(Entries supplied)

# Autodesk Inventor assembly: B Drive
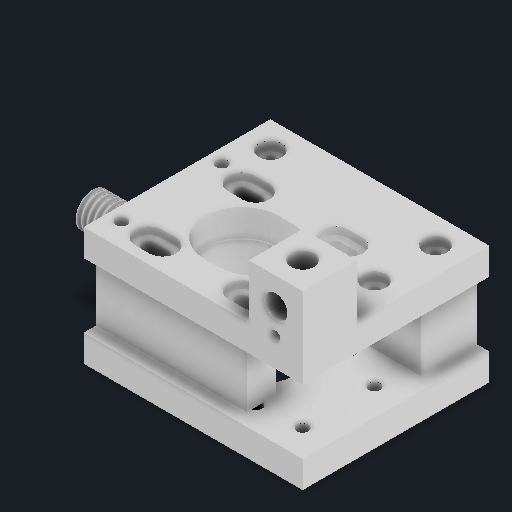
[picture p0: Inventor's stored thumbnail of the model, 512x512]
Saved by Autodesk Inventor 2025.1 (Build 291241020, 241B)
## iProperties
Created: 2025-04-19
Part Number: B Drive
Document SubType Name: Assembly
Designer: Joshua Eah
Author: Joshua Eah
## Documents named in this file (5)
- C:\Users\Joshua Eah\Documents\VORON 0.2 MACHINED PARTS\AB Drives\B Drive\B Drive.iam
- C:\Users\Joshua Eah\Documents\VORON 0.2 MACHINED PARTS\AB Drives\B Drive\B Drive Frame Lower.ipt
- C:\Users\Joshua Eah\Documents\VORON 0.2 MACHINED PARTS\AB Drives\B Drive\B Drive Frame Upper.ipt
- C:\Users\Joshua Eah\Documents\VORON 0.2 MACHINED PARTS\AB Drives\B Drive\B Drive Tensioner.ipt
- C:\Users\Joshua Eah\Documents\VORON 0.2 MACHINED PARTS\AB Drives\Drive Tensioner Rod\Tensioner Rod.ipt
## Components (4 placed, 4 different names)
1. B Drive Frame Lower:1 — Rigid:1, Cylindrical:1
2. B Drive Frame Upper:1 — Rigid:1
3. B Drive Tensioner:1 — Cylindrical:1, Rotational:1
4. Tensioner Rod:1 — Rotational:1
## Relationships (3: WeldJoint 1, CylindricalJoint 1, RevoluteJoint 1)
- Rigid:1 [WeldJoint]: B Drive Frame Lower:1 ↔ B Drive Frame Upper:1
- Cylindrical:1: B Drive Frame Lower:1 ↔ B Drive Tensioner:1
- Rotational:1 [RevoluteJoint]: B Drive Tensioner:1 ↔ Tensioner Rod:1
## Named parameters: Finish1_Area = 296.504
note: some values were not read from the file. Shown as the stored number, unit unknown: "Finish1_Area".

(End Entries supplied)

» Exercise
Everything from the line containing "4. Tensioner Rod:1 — Rotational:1" through the last line of the records must be given again exactly; leave out all other lines.

» Your solution
4. Tensioner Rod:1 — Rotational:1
## Relationships (3: WeldJoint 1, CylindricalJoint 1, RevoluteJoint 1)
- Rigid:1 [WeldJoint]: B Drive Frame Lower:1 ↔ B Drive Frame Upper:1
- Cylindrical:1: B Drive Frame Lower:1 ↔ B Drive Tensioner:1
- Rotational:1 [RevoluteJoint]: B Drive Tensioner:1 ↔ Tensioner Rod:1
## Named parameters: Finish1_Area = 296.504
note: some values were not read from the file. Shown as the stored number, unit unknown: "Finish1_Area".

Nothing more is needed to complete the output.